Extracted data entries
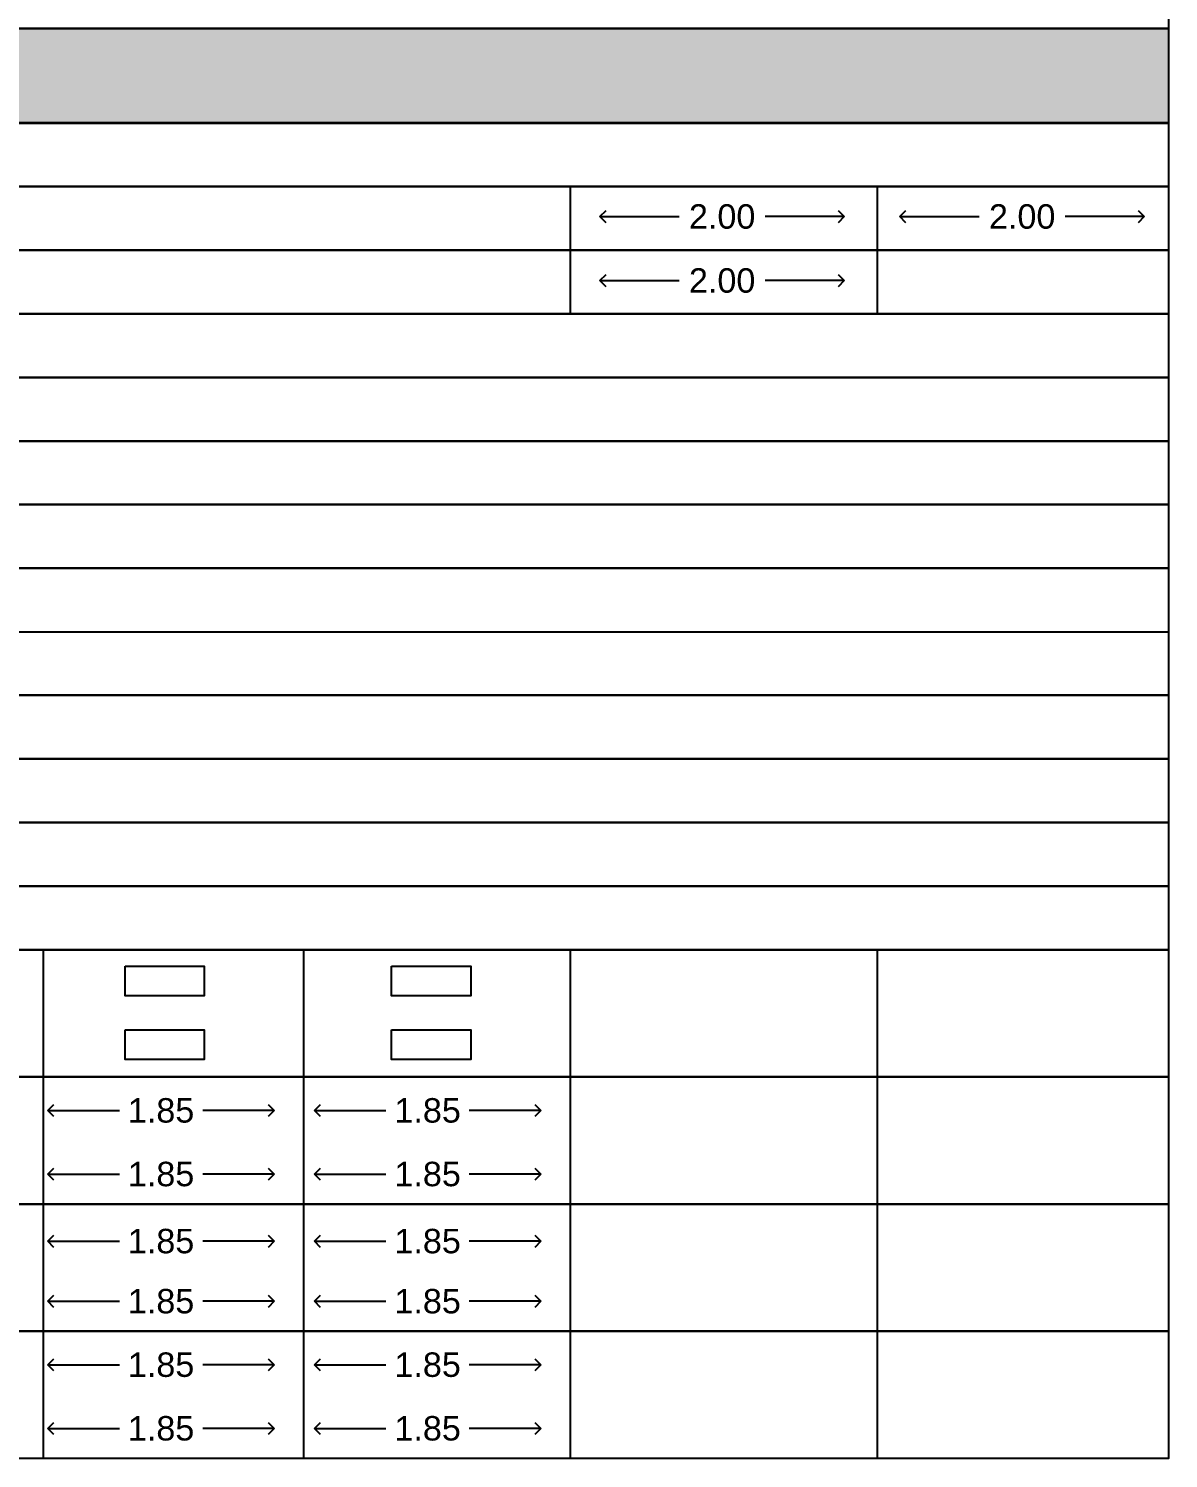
# Model space of a CAD drawing. Header units: metres. Extents: x -9481 to -9285, y 28740 to 57552.
# Drawn here: x -9451.56 to -9442.23, y 28739.76 to 28751.47 of the extents above; entities that cross this region are included whole.
import ezdxf

# ---------------------------------------------------------------- set-up
doc = ezdxf.new("R2010")
doc.units = ezdxf.units.M
doc.header["$PDMODE"] = 34
doc.header["$PDSIZE"] = -15
doc.linetypes.add('CONTINULUS', pattern=[0])
doc.layers.add('BLK_1_FLR_-1_BLDG_FOOTPRINT', color=7, linetype='Continuous', plot=False)
doc.layers.add('BLK_1_FLR_-2_BLDG_FOOTPRINT', color=7, linetype='Continuous', plot=False)
for name, color, linetype in [('BLK_1_FLR_3_GLASS_FACADE_1', 7, 'Continuous'), ('BLK_1_FLR_3_GLASS_FACADE_2', 7, 'Continuous'), ('BLK_1_FLR_4_GLASS_FACADE_1', 7, 'Continuous'), ('BLK_1_FLR_4_GLASS_FACADE_2', 7, 'Continuous'), ('BLK_1_PLANTATION_GREENSTRIP', 7, 'Continuous'), ('HATCH', 7, 'Continuous')]:
    doc.layers.add(name, color=color, linetype=linetype)
doc.layers.add('PLAN', color=7, linetype='Continuous', lineweight=40)
doc.styles.add('Arial', font='arial.ttf', dxfattribs={"height": 0.2})
doc.styles.add('style2', font='arial.ttf', dxfattribs={"height": 0.3})
doc.dimstyles.new('INT DIM', dxfattribs={"dimtxt": 0.3, "dimasz": 0.1, "dimexe": 0.18, "dimexo": 0.0625, "dimgap": 0.09, "dimtad": 0, "dimzin": 0, "dimdsep": 46, "dimtxsty": 'style2', "dimblk": 'OPEN90', "dimcen": 0.09, "dimse1": 1, "dimse2": 1, "dimclrd": 250, "dimclrt": 256, "dimadec": 0, "dimazin": 0, "dimtfac": 1, "dimtofl": 0, "dimtmove": 0, "dimatfit": 3, "dimfxl": 0.18, "dimtolj": 1, "dimtzin": 0, "dimlwd": -1, "dimarcsym": 0})

# ---------------------------------------------------------------- blocks, each defined once
blk = doc.blocks.new('J4')
at = {"layer": 'HATCH', "linetype": 'CONTINULUS', "ltscale": 0.05, "true_color": 0xf7abae}
h = blk.add_hatch(color=241, dxfattribs=at)
h.dxf.hatch_style = 1
h.paths.add_polyline_path([(-9435.455, 28796.771), (-9435.455, 28795.998), (-9396.427, 28795.998), (-9396.427, 28796.771)])
blk.add_lwpolyline([(-9435.455, 28796.771), (-9396.427, 28796.771), (-9396.427, 28795.998), (-9435.455, 28795.998), (-9435.455, 28796.771)], close=True)
blk = doc.blocks.new('_Open90')
at = {"layer": 'PLAN', "color": 0, "lineweight": -2}
for p, q in [((0, 0), (-1, 0)), ((-0.5, 0.5), (0, 0)), ((0, 0), (-0.5, -0.5))]:
    blk.add_line(p, q, dxfattribs=at)
blk = doc.blocks.new('*D389')
at = {"layer": 'BLK_1_FLR_-1_BLDG_FOOTPRINT', "color": 250, "transparency": 16777216}
for p, q in [((-9446.783, 28749.931), (-9446.234, 28749.931)), ((-9444.983, 28749.931), (-9445.532, 28749.931))]:
    blk.add_line(p, q, dxfattribs=at)
at = {"layer": 'Defpoints', "color": 0, "transparency": 16777216}
for p in [(-9446.883, 28750.075), (-9444.883, 28750.075), (-9444.883, 28749.931)]:
    blk.add_point(p, dxfattribs=at)
at = {"layer": 'BLK_1_FLR_-1_BLDG_FOOTPRINT', "color": 250, "transparency": 16777216, "xscale": 0.1, "yscale": 0.1, "zscale": 0.1, "rotation": 180}
blk.add_blockref('_Open90', (-9446.883, 28749.931), dxfattribs=at)
at = {"layer": 'BLK_1_FLR_-1_BLDG_FOOTPRINT', "color": 250, "transparency": 16777216, "xscale": 0.1, "yscale": 0.1, "zscale": 0.1}
blk.add_blockref('_Open90', (-9444.883, 28749.931), dxfattribs=at)
at = {"layer": 'BLK_1_FLR_-1_BLDG_FOOTPRINT', "transparency": 16777216, "insert": (-9445.883, 28749.931), "char_height": 0.2, "attachment_point": 5, "style": 'Arial', "bg_fill": 3, "box_fill_scale": 1.1, "bg_fill_color": 256, "bg_fill_true_color": 13158600, "bg_fill_transparency": 0}
blk.add_mtext('\\A1;2.00', dxfattribs=at)
blk = doc.blocks.new('*D390')
at = {"layer": 'BLK_1_FLR_-1_BLDG_FOOTPRINT', "color": 250, "transparency": 16777216}
for p, q in [((-9446.783, 28749.407), (-9446.234, 28749.407)), ((-9444.983, 28749.407), (-9445.532, 28749.407))]:
    blk.add_line(p, q, dxfattribs=at)
at = {"layer": 'Defpoints', "color": 0, "transparency": 16777216}
for p in [(-9446.883, 28749.551), (-9444.883, 28749.551), (-9444.883, 28749.407)]:
    blk.add_point(p, dxfattribs=at)
at = {"layer": 'BLK_1_FLR_-1_BLDG_FOOTPRINT', "color": 250, "transparency": 16777216, "xscale": 0.1, "yscale": 0.1, "zscale": 0.1, "rotation": 180}
blk.add_blockref('_Open90', (-9446.883, 28749.407), dxfattribs=at)
at = {"layer": 'BLK_1_FLR_-1_BLDG_FOOTPRINT', "color": 250, "transparency": 16777216, "xscale": 0.1, "yscale": 0.1, "zscale": 0.1}
blk.add_blockref('_Open90', (-9444.883, 28749.407), dxfattribs=at)
at = {"layer": 'BLK_1_FLR_-1_BLDG_FOOTPRINT', "transparency": 16777216, "insert": (-9445.883, 28749.407), "char_height": 0.2, "attachment_point": 5, "style": 'Arial', "bg_fill": 3, "box_fill_scale": 1.1, "bg_fill_color": 256, "bg_fill_true_color": 13158600, "bg_fill_transparency": 0}
blk.add_mtext('\\A1;2.00', dxfattribs=at)
blk = doc.blocks.new('*D391')
at = {"layer": 'BLK_1_FLR_-2_BLDG_FOOTPRINT', "color": 250, "transparency": 16777216}
for p, q in [((-9444.328, 28749.931), (-9443.778, 28749.931)), ((-9442.527, 28749.931), (-9443.076, 28749.931))]:
    blk.add_line(p, q, dxfattribs=at)
at = {"layer": 'Defpoints', "color": 0, "transparency": 16777216}
for p in [(-9444.428, 28750.075), (-9442.427, 28750.075), (-9442.427, 28749.931)]:
    blk.add_point(p, dxfattribs=at)
at = {"layer": 'BLK_1_FLR_-2_BLDG_FOOTPRINT', "color": 250, "transparency": 16777216, "xscale": 0.1, "yscale": 0.1, "zscale": 0.1, "rotation": 180}
blk.add_blockref('_Open90', (-9444.428, 28749.931), dxfattribs=at)
at = {"layer": 'BLK_1_FLR_-2_BLDG_FOOTPRINT', "color": 250, "transparency": 16777216, "xscale": 0.1, "yscale": 0.1, "zscale": 0.1}
blk.add_blockref('_Open90', (-9442.427, 28749.931), dxfattribs=at)
at = {"layer": 'BLK_1_FLR_-2_BLDG_FOOTPRINT', "transparency": 16777216, "insert": (-9443.427, 28749.931), "char_height": 0.2, "attachment_point": 5, "style": 'Arial', "bg_fill": 3, "box_fill_scale": 1.1, "bg_fill_color": 256, "bg_fill_true_color": 13158600, "bg_fill_transparency": 0}
blk.add_mtext('\\A1;2.00', dxfattribs=at)
blk = doc.blocks.new('*D428')
at = {"layer": 'BLK_1_FLR_3_GLASS_FACADE_1', "color": 250, "ltscale": 0.05, "transparency": 16777216}
for p, q in [((-9451.303, 28742.612), (-9450.817, 28742.612)), ((-9449.649, 28742.612), (-9450.135, 28742.612))]:
    blk.add_line(p, q, dxfattribs=at)
at = {"layer": 'Defpoints', "color": 0, "linetype": 'CONTINULUS', "ltscale": 0.05, "transparency": 16777216}
for p in [(-9451.403, 28742.817), (-9449.549, 28742.817), (-9449.549, 28742.612)]:
    blk.add_point(p, dxfattribs=at)
at = {"layer": 'BLK_1_FLR_3_GLASS_FACADE_1', "color": 250, "linetype": 'CONTINULUS', "ltscale": 0.05, "transparency": 16777216, "xscale": 0.1, "yscale": 0.1, "zscale": 0.1, "rotation": 180}
blk.add_blockref('_Open90', (-9451.403, 28742.612), dxfattribs=at)
at = {"layer": 'BLK_1_FLR_3_GLASS_FACADE_1', "color": 250, "linetype": 'CONTINULUS', "ltscale": 0.05, "transparency": 16777216, "xscale": 0.1, "yscale": 0.1, "zscale": 0.1}
blk.add_blockref('_Open90', (-9449.549, 28742.612), dxfattribs=at)
at = {"layer": 'BLK_1_FLR_3_GLASS_FACADE_1', "linetype": 'CONTINULUS', "ltscale": 0.05, "transparency": 16777216, "insert": (-9450.476, 28742.612), "char_height": 0.2, "attachment_point": 5, "style": 'Arial', "bg_fill": 3, "box_fill_scale": 1.1, "bg_fill_color": 256, "bg_fill_true_color": 13158600, "bg_fill_transparency": 0}
blk.add_mtext('\\A1;1.85', dxfattribs=at)
blk = doc.blocks.new('*D429')
at = {"layer": 'BLK_1_FLR_3_GLASS_FACADE_2', "color": 250, "ltscale": 0.05, "transparency": 16777216}
for p, q in [((-9451.303, 28742.091), (-9450.817, 28742.091)), ((-9449.649, 28742.091), (-9450.135, 28742.091))]:
    blk.add_line(p, q, dxfattribs=at)
at = {"layer": 'Defpoints', "color": 0, "linetype": 'CONTINULUS', "ltscale": 0.05, "transparency": 16777216}
for p in [(-9451.403, 28742.296), (-9449.549, 28742.296), (-9449.549, 28742.091)]:
    blk.add_point(p, dxfattribs=at)
at = {"layer": 'BLK_1_FLR_3_GLASS_FACADE_2', "color": 250, "linetype": 'CONTINULUS', "ltscale": 0.05, "transparency": 16777216, "xscale": 0.1, "yscale": 0.1, "zscale": 0.1, "rotation": 180}
blk.add_blockref('_Open90', (-9451.403, 28742.091), dxfattribs=at)
at = {"layer": 'BLK_1_FLR_3_GLASS_FACADE_2', "color": 250, "linetype": 'CONTINULUS', "ltscale": 0.05, "transparency": 16777216, "xscale": 0.1, "yscale": 0.1, "zscale": 0.1}
blk.add_blockref('_Open90', (-9449.549, 28742.091), dxfattribs=at)
at = {"layer": 'BLK_1_FLR_3_GLASS_FACADE_2', "linetype": 'CONTINULUS', "ltscale": 0.05, "transparency": 16777216, "insert": (-9450.476, 28742.091), "char_height": 0.2, "attachment_point": 5, "style": 'Arial', "bg_fill": 3, "box_fill_scale": 1.1, "bg_fill_color": 256, "bg_fill_true_color": 13158600, "bg_fill_transparency": 0}
blk.add_mtext('\\A1;1.85', dxfattribs=at)
blk = doc.blocks.new('*D430')
at = {"layer": 'BLK_1_FLR_3_GLASS_FACADE_2', "color": 250, "ltscale": 0.05, "transparency": 16777216}
for p, q in [((-9451.303, 28741.05), (-9450.817, 28741.05)), ((-9449.649, 28741.05), (-9450.135, 28741.05))]:
    blk.add_line(p, q, dxfattribs=at)
at = {"layer": 'Defpoints', "color": 0, "linetype": 'CONTINULUS', "ltscale": 0.05, "transparency": 16777216}
for p in [(-9451.403, 28741.255), (-9449.549, 28741.255), (-9449.549, 28741.05)]:
    blk.add_point(p, dxfattribs=at)
at = {"layer": 'BLK_1_FLR_3_GLASS_FACADE_2', "color": 250, "linetype": 'CONTINULUS', "ltscale": 0.05, "transparency": 16777216, "xscale": 0.1, "yscale": 0.1, "zscale": 0.1, "rotation": 180}
blk.add_blockref('_Open90', (-9451.403, 28741.05), dxfattribs=at)
at = {"layer": 'BLK_1_FLR_3_GLASS_FACADE_2', "color": 250, "linetype": 'CONTINULUS', "ltscale": 0.05, "transparency": 16777216, "xscale": 0.1, "yscale": 0.1, "zscale": 0.1}
blk.add_blockref('_Open90', (-9449.549, 28741.05), dxfattribs=at)
at = {"layer": 'BLK_1_FLR_3_GLASS_FACADE_2', "linetype": 'CONTINULUS', "ltscale": 0.05, "transparency": 16777216, "insert": (-9450.476, 28741.05), "char_height": 0.2, "attachment_point": 5, "style": 'Arial', "bg_fill": 3, "box_fill_scale": 1.1, "bg_fill_color": 256, "bg_fill_true_color": 13158600, "bg_fill_transparency": 0}
blk.add_mtext('\\A1;1.85', dxfattribs=at)
blk = doc.blocks.new('*D431')
at = {"layer": 'BLK_1_FLR_3_GLASS_FACADE_1', "color": 250, "ltscale": 0.05, "transparency": 16777216}
for p, q in [((-9451.303, 28740.53), (-9450.817, 28740.53)), ((-9449.649, 28740.53), (-9450.135, 28740.53))]:
    blk.add_line(p, q, dxfattribs=at)
at = {"layer": 'Defpoints', "color": 0, "linetype": 'CONTINULUS', "ltscale": 0.05, "transparency": 16777216}
for p in [(-9451.403, 28740.734), (-9449.549, 28740.734), (-9449.549, 28740.53)]:
    blk.add_point(p, dxfattribs=at)
at = {"layer": 'BLK_1_FLR_3_GLASS_FACADE_1', "color": 250, "linetype": 'CONTINULUS', "ltscale": 0.05, "transparency": 16777216, "xscale": 0.1, "yscale": 0.1, "zscale": 0.1, "rotation": 180}
blk.add_blockref('_Open90', (-9451.403, 28740.53), dxfattribs=at)
at = {"layer": 'BLK_1_FLR_3_GLASS_FACADE_1', "color": 250, "linetype": 'CONTINULUS', "ltscale": 0.05, "transparency": 16777216, "xscale": 0.1, "yscale": 0.1, "zscale": 0.1}
blk.add_blockref('_Open90', (-9449.549, 28740.53), dxfattribs=at)
at = {"layer": 'BLK_1_FLR_3_GLASS_FACADE_1', "linetype": 'CONTINULUS', "ltscale": 0.05, "transparency": 16777216, "insert": (-9450.476, 28740.53), "char_height": 0.2, "attachment_point": 5, "style": 'Arial', "bg_fill": 3, "box_fill_scale": 1.1, "bg_fill_color": 256, "bg_fill_true_color": 13158600, "bg_fill_transparency": 0}
blk.add_mtext('\\A1;1.85', dxfattribs=at)
blk = doc.blocks.new('*D432')
at = {"layer": 'BLK_1_FLR_3_GLASS_FACADE_2', "color": 250, "ltscale": 0.05, "transparency": 16777216}
for p, q in [((-9451.303, 28740.009), (-9450.817, 28740.009)), ((-9449.649, 28740.009), (-9450.135, 28740.009))]:
    blk.add_line(p, q, dxfattribs=at)
at = {"layer": 'Defpoints', "color": 0, "linetype": 'CONTINULUS', "ltscale": 0.05, "transparency": 16777216}
for p in [(-9451.403, 28740.213), (-9449.549, 28740.213), (-9449.549, 28740.009)]:
    blk.add_point(p, dxfattribs=at)
at = {"layer": 'BLK_1_FLR_3_GLASS_FACADE_2', "color": 250, "linetype": 'CONTINULUS', "ltscale": 0.05, "transparency": 16777216, "xscale": 0.1, "yscale": 0.1, "zscale": 0.1, "rotation": 180}
blk.add_blockref('_Open90', (-9451.403, 28740.009), dxfattribs=at)
at = {"layer": 'BLK_1_FLR_3_GLASS_FACADE_2', "color": 250, "linetype": 'CONTINULUS', "ltscale": 0.05, "transparency": 16777216, "xscale": 0.1, "yscale": 0.1, "zscale": 0.1}
blk.add_blockref('_Open90', (-9449.549, 28740.009), dxfattribs=at)
at = {"layer": 'BLK_1_FLR_3_GLASS_FACADE_2', "linetype": 'CONTINULUS', "ltscale": 0.05, "transparency": 16777216, "insert": (-9450.476, 28740.009), "char_height": 0.2, "attachment_point": 5, "style": 'Arial', "bg_fill": 3, "box_fill_scale": 1.1, "bg_fill_color": 256, "bg_fill_true_color": 13158600, "bg_fill_transparency": 0}
blk.add_mtext('\\A1;1.85', dxfattribs=at)
blk = doc.blocks.new('*D433')
at = {"layer": 'BLK_1_FLR_3_GLASS_FACADE_1', "color": 250, "ltscale": 0.05, "transparency": 16777216}
for p, q in [((-9451.303, 28741.542), (-9450.817, 28741.542)), ((-9449.649, 28741.542), (-9450.135, 28741.542))]:
    blk.add_line(p, q, dxfattribs=at)
at = {"layer": 'Defpoints', "color": 0, "linetype": 'CONTINULUS', "ltscale": 0.05, "transparency": 16777216}
for p in [(-9451.403, 28741.746), (-9449.549, 28741.746), (-9449.549, 28741.542)]:
    blk.add_point(p, dxfattribs=at)
at = {"layer": 'BLK_1_FLR_3_GLASS_FACADE_1', "color": 250, "linetype": 'CONTINULUS', "ltscale": 0.05, "transparency": 16777216, "xscale": 0.1, "yscale": 0.1, "zscale": 0.1, "rotation": 180}
blk.add_blockref('_Open90', (-9451.403, 28741.542), dxfattribs=at)
at = {"layer": 'BLK_1_FLR_3_GLASS_FACADE_1', "color": 250, "linetype": 'CONTINULUS', "ltscale": 0.05, "transparency": 16777216, "xscale": 0.1, "yscale": 0.1, "zscale": 0.1}
blk.add_blockref('_Open90', (-9449.549, 28741.542), dxfattribs=at)
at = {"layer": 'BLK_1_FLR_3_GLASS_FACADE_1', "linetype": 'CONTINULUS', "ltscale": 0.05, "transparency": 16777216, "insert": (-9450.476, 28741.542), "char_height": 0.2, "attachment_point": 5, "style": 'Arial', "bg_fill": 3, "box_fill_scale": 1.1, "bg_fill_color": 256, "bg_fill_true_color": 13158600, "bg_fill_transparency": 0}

* What you have to do *
Where in the records does the string "blocks" appear? Copy every line that has it.

* Result for this exercise *
# ---------------------------------------------------------------- blocks, each defined once
blk = doc.blocks.new('J4')
blk = doc.blocks.new('_Open90')
blk = doc.blocks.new('*D389')
blk = doc.blocks.new('*D390')
blk = doc.blocks.new('*D391')
blk = doc.blocks.new('*D428')
blk = doc.blocks.new('*D429')
blk = doc.blocks.new('*D430')
blk = doc.blocks.new('*D431')
blk = doc.blocks.new('*D432')
blk = doc.blocks.new('*D433')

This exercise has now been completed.